▶ _Task requirements_: For the entries below, the result should be an exact transcription of the lines from the one with "line L80 (2.1694, 25.121)" up to and including the one with "line L97 (4.7602, 26.8482)", and only those.

==== Study material ====

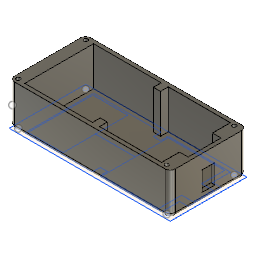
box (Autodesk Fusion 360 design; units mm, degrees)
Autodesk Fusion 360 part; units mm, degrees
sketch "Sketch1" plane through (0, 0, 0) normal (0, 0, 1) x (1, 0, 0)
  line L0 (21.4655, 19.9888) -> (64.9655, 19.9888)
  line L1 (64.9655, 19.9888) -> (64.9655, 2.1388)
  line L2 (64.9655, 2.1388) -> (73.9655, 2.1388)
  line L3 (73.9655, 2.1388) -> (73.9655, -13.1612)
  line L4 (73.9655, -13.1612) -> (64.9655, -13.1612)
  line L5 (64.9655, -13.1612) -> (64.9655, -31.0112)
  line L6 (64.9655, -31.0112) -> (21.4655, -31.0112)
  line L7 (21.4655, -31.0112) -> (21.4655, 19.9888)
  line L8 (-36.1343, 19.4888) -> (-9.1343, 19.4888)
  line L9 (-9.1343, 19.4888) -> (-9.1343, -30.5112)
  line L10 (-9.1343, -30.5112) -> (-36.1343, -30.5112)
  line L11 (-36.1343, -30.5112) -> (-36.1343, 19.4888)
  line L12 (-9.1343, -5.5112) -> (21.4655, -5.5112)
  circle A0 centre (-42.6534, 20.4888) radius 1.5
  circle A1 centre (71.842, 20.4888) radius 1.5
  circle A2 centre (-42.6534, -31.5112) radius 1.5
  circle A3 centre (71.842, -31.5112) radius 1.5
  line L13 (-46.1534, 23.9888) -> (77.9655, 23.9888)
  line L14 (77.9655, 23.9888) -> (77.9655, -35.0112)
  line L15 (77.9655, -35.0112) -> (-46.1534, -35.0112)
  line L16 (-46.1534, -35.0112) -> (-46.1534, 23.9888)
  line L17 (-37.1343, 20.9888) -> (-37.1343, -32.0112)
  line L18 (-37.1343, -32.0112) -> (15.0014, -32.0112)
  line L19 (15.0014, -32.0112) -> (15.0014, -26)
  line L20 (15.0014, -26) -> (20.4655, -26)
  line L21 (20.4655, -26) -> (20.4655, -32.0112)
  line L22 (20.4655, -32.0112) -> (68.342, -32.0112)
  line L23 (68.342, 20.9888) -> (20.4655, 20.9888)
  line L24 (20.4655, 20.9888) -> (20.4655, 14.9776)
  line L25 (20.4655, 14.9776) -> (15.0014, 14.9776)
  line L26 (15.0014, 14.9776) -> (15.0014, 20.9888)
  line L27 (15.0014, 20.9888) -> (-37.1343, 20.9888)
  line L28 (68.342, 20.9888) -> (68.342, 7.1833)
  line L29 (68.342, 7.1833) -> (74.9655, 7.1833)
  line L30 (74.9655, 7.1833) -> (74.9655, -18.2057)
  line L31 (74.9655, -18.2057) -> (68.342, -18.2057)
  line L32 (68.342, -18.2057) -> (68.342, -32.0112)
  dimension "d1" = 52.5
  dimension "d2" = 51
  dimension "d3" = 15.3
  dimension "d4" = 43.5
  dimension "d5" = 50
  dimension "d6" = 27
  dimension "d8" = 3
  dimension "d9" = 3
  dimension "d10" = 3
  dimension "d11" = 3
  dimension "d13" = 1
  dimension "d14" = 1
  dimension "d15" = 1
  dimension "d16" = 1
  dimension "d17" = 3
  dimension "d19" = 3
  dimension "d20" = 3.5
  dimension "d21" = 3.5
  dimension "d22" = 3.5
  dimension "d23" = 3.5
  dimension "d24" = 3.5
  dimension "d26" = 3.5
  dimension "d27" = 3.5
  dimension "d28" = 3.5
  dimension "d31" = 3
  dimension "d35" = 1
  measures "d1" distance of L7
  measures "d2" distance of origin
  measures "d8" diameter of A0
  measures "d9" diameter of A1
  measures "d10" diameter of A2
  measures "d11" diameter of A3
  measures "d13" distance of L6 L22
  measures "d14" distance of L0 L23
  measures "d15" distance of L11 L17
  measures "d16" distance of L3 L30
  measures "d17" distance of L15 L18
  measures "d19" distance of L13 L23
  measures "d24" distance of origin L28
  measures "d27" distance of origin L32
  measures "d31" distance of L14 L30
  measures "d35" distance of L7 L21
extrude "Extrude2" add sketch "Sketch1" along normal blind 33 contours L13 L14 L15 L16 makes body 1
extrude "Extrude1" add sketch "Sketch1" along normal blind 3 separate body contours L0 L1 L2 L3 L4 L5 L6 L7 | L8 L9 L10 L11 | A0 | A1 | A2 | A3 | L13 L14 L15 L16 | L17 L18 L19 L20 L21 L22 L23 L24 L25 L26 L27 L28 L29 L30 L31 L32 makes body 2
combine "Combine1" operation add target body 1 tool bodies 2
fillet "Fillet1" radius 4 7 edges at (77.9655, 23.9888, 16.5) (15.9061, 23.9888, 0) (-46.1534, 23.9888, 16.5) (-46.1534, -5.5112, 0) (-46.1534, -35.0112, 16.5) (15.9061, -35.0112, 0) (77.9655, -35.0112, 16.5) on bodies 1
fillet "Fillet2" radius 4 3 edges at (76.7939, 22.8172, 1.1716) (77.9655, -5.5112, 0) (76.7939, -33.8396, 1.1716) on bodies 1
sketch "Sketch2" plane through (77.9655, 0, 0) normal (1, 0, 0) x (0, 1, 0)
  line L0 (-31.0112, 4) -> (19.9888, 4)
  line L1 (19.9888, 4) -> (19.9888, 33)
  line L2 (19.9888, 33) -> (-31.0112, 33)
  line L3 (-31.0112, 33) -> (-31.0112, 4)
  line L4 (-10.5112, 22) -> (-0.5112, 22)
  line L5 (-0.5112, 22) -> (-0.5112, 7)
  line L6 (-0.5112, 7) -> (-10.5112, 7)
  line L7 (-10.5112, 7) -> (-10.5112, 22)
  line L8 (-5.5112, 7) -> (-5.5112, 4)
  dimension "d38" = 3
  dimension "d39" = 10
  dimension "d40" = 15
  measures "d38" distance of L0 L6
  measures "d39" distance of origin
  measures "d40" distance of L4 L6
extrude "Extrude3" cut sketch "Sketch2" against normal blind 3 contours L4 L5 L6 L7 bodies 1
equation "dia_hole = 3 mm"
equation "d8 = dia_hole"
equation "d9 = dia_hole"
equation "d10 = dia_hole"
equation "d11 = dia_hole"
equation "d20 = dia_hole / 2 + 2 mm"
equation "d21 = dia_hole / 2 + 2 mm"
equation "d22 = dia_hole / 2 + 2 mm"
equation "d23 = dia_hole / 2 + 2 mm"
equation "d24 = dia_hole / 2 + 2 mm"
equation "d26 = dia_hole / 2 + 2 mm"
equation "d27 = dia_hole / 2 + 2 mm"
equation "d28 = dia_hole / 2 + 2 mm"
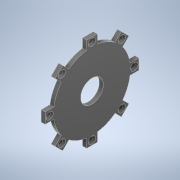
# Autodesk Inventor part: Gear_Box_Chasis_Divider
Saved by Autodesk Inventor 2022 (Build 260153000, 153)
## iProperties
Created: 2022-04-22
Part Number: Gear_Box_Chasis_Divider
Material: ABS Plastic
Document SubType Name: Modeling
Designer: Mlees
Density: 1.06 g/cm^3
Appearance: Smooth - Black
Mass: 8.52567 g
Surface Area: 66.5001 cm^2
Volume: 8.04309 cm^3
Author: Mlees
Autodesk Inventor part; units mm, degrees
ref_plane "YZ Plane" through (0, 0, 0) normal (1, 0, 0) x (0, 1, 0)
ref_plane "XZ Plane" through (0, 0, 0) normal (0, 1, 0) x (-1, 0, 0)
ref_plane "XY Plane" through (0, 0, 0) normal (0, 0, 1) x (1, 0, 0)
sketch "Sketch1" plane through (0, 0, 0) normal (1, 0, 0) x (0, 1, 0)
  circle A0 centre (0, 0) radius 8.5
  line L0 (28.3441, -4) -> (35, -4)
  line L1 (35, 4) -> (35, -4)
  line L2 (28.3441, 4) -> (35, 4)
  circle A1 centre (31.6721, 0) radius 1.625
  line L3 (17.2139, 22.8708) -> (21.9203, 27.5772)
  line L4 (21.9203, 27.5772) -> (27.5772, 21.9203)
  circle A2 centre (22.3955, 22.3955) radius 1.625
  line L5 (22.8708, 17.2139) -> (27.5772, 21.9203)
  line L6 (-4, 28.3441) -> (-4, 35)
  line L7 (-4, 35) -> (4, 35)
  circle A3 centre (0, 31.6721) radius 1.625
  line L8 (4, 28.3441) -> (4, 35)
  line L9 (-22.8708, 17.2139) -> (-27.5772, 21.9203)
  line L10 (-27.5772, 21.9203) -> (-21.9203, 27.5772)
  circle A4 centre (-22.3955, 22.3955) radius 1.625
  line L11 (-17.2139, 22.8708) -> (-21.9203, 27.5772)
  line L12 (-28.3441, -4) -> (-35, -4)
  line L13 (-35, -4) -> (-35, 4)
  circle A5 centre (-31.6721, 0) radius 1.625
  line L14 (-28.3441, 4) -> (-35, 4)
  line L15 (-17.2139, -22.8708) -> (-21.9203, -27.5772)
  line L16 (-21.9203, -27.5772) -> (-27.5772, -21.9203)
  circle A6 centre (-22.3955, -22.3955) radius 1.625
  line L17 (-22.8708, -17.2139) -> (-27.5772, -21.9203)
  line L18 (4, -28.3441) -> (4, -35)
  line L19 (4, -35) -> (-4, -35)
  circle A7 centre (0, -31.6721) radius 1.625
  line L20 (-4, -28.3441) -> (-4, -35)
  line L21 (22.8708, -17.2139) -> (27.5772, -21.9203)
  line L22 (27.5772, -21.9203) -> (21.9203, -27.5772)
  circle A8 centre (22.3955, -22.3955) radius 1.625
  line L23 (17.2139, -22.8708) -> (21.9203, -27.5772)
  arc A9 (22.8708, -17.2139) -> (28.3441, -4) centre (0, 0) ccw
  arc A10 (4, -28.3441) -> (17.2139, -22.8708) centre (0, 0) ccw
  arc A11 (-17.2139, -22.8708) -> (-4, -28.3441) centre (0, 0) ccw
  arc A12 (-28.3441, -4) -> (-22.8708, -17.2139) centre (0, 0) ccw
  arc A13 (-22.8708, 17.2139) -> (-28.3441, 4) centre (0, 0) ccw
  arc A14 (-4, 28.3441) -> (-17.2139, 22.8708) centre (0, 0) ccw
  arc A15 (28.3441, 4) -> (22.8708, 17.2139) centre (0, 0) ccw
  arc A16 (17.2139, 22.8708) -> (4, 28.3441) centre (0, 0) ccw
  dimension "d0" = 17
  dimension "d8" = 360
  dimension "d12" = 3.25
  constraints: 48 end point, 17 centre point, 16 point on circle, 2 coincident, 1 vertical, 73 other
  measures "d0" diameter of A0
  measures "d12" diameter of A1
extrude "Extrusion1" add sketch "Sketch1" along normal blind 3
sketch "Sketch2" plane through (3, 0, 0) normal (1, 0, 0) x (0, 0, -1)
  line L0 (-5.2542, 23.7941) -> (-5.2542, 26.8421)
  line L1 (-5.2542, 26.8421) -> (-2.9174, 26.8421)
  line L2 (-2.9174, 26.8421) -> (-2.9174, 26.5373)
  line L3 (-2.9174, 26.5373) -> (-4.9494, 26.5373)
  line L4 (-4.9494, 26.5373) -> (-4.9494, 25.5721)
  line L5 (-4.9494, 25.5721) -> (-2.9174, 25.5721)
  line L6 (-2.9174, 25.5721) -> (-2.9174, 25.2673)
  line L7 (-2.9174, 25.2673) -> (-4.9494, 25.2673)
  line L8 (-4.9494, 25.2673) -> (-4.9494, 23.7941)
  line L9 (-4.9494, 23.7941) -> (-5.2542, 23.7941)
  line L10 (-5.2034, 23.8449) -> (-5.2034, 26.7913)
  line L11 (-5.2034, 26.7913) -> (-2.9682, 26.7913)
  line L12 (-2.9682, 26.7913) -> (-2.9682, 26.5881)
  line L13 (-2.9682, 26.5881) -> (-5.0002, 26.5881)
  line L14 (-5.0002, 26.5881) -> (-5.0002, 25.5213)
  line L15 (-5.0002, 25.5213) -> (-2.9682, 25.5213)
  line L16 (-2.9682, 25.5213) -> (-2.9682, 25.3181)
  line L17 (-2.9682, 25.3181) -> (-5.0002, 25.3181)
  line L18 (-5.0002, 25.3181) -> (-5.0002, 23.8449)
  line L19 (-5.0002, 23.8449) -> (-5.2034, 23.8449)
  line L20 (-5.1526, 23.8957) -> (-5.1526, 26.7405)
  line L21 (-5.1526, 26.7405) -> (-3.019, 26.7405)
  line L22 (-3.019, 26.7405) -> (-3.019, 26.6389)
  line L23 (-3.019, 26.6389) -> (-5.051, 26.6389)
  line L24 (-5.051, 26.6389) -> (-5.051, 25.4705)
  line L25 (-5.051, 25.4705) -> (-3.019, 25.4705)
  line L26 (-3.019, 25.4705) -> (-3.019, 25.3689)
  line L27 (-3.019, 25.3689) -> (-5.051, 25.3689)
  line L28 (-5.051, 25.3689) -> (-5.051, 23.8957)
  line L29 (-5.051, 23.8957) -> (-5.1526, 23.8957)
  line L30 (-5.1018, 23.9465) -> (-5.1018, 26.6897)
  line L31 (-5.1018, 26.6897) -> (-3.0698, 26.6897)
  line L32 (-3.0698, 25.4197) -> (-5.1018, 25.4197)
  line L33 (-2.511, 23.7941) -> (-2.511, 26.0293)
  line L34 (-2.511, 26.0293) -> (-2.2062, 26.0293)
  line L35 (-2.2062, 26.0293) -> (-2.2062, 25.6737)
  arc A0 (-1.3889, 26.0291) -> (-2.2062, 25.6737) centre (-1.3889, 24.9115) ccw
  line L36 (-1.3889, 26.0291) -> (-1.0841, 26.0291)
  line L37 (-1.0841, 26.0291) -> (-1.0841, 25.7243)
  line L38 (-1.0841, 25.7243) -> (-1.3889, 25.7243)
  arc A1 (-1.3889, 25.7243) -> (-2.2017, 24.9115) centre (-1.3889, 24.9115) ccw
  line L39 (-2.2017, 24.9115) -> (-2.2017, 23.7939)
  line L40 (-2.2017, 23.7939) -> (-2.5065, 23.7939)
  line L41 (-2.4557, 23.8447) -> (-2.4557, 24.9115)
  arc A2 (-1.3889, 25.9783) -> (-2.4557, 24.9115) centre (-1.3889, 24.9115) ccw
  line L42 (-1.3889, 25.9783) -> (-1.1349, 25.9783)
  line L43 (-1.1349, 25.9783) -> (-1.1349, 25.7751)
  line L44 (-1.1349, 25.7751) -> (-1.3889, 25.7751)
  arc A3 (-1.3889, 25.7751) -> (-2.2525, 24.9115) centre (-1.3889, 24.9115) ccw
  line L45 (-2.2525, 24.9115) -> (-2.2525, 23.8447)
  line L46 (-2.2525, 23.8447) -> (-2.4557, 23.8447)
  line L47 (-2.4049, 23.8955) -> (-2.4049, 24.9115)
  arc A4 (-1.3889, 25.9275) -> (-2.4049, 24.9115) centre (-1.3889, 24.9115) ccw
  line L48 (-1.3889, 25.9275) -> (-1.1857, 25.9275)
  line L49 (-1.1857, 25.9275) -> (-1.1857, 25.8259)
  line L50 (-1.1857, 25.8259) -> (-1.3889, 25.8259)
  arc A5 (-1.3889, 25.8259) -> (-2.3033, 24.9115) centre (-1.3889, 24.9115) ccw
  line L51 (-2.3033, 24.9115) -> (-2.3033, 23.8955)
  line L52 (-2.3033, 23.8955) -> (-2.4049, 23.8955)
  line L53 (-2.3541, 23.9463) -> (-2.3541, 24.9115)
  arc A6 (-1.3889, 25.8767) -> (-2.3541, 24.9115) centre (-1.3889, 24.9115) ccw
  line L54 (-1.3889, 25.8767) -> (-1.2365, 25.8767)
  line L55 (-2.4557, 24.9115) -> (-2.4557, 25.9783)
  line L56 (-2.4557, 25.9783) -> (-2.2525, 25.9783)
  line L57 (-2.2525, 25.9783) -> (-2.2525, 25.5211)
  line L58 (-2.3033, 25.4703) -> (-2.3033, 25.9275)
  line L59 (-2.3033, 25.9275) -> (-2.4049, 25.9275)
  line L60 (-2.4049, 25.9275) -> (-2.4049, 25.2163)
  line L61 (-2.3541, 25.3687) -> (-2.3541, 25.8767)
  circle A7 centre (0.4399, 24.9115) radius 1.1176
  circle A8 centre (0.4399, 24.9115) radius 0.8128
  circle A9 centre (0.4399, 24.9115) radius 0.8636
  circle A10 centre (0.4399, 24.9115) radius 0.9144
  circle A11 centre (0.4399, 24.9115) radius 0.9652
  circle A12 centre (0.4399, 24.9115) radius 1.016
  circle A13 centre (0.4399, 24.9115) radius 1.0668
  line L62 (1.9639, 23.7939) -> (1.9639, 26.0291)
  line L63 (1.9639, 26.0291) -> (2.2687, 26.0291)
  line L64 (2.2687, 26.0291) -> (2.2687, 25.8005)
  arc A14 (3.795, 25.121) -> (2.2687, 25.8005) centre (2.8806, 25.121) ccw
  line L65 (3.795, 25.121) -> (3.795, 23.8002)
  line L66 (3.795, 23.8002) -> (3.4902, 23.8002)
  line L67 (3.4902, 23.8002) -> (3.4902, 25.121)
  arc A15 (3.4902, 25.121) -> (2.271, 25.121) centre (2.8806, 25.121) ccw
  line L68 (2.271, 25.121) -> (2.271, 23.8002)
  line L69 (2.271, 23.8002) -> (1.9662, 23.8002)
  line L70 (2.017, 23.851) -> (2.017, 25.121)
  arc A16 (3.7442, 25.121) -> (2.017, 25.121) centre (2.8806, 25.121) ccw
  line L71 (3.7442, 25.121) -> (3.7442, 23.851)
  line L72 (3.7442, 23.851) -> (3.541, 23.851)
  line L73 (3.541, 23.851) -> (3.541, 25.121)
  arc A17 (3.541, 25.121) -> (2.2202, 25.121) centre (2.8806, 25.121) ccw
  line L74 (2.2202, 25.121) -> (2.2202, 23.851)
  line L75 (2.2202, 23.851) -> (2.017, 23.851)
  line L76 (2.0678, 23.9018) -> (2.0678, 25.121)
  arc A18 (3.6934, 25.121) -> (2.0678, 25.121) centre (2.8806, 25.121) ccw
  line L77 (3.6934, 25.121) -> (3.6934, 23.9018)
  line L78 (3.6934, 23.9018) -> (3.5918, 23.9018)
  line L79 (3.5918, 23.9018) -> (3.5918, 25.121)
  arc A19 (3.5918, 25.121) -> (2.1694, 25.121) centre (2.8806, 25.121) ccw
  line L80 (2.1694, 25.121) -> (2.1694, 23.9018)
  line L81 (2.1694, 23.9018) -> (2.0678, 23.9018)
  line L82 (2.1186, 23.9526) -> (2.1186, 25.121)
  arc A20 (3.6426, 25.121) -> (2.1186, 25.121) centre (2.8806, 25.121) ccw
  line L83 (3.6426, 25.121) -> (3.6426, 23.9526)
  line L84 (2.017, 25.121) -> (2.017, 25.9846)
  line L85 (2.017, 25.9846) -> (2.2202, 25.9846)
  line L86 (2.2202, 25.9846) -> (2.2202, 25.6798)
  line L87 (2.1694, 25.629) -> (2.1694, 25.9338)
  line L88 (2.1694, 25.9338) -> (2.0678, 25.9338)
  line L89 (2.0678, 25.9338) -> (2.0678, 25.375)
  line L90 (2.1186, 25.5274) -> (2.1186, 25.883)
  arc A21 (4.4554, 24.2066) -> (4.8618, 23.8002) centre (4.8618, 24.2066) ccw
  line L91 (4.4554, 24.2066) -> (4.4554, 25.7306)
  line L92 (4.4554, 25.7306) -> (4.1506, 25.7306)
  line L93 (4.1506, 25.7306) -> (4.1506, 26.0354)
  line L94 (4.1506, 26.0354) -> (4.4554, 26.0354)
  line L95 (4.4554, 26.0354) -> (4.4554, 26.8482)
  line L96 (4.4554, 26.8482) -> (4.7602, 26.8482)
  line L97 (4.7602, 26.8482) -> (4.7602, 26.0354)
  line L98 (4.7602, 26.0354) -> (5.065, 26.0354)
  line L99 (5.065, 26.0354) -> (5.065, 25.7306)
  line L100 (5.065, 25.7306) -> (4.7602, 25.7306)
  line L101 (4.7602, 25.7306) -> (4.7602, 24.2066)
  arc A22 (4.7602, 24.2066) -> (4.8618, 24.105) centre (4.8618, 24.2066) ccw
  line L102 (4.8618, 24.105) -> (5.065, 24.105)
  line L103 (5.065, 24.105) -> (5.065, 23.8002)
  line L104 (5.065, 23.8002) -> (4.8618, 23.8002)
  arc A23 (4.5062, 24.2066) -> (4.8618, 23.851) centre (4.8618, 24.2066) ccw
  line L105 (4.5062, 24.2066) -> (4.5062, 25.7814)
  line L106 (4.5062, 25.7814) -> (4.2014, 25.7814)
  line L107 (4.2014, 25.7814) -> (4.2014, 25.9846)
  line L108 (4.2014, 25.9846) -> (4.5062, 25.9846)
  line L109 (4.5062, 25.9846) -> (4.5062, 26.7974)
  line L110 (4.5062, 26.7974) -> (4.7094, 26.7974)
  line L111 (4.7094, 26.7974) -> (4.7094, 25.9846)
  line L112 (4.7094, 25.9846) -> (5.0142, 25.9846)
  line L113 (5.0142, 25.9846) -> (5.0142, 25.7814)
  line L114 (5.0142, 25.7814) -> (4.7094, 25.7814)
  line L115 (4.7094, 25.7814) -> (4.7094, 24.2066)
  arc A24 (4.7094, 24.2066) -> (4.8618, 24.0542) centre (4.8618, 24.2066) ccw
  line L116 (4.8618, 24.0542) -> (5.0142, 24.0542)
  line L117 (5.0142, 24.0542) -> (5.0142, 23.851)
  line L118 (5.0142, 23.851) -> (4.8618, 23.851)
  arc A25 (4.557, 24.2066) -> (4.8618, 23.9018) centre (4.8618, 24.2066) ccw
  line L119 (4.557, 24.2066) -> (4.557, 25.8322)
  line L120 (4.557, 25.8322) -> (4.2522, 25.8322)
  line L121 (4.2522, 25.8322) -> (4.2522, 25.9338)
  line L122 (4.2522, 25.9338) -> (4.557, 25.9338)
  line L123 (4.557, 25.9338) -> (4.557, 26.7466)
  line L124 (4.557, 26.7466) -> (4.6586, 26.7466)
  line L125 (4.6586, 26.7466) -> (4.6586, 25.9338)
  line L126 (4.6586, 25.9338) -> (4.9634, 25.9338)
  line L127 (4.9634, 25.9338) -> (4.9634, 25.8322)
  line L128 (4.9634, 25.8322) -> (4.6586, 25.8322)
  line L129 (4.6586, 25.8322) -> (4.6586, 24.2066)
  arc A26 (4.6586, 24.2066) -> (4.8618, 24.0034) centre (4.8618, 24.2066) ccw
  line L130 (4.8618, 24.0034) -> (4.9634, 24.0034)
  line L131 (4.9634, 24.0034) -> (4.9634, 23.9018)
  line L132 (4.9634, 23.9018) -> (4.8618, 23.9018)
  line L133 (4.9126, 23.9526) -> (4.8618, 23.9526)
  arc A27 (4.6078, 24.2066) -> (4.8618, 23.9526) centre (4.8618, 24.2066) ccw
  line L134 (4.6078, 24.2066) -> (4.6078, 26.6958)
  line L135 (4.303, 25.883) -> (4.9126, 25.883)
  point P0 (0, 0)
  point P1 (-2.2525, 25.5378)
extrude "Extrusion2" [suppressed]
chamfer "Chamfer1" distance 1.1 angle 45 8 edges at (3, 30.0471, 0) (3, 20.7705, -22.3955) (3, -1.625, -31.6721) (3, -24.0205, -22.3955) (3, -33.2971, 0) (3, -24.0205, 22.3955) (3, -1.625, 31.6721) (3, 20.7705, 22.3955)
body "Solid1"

====

▶ _Reply to the exercise_:
  line L80 (2.1694, 25.121) -> (2.1694, 23.9018)
  line L81 (2.1694, 23.9018) -> (2.0678, 23.9018)
  line L82 (2.1186, 23.9526) -> (2.1186, 25.121)
  arc A20 (3.6426, 25.121) -> (2.1186, 25.121) centre (2.8806, 25.121) ccw
  line L83 (3.6426, 25.121) -> (3.6426, 23.9526)
  line L84 (2.017, 25.121) -> (2.017, 25.9846)
  line L85 (2.017, 25.9846) -> (2.2202, 25.9846)
  line L86 (2.2202, 25.9846) -> (2.2202, 25.6798)
  line L87 (2.1694, 25.629) -> (2.1694, 25.9338)
  line L88 (2.1694, 25.9338) -> (2.0678, 25.9338)
  line L89 (2.0678, 25.9338) -> (2.0678, 25.375)
  line L90 (2.1186, 25.5274) -> (2.1186, 25.883)
  arc A21 (4.4554, 24.2066) -> (4.8618, 23.8002) centre (4.8618, 24.2066) ccw
  line L91 (4.4554, 24.2066) -> (4.4554, 25.7306)
  line L92 (4.4554, 25.7306) -> (4.1506, 25.7306)
  line L93 (4.1506, 25.7306) -> (4.1506, 26.0354)
  line L94 (4.1506, 26.0354) -> (4.4554, 26.0354)
  line L95 (4.4554, 26.0354) -> (4.4554, 26.8482)
  line L96 (4.4554, 26.8482) -> (4.7602, 26.8482)
  line L97 (4.7602, 26.8482) -> (4.7602, 26.0354)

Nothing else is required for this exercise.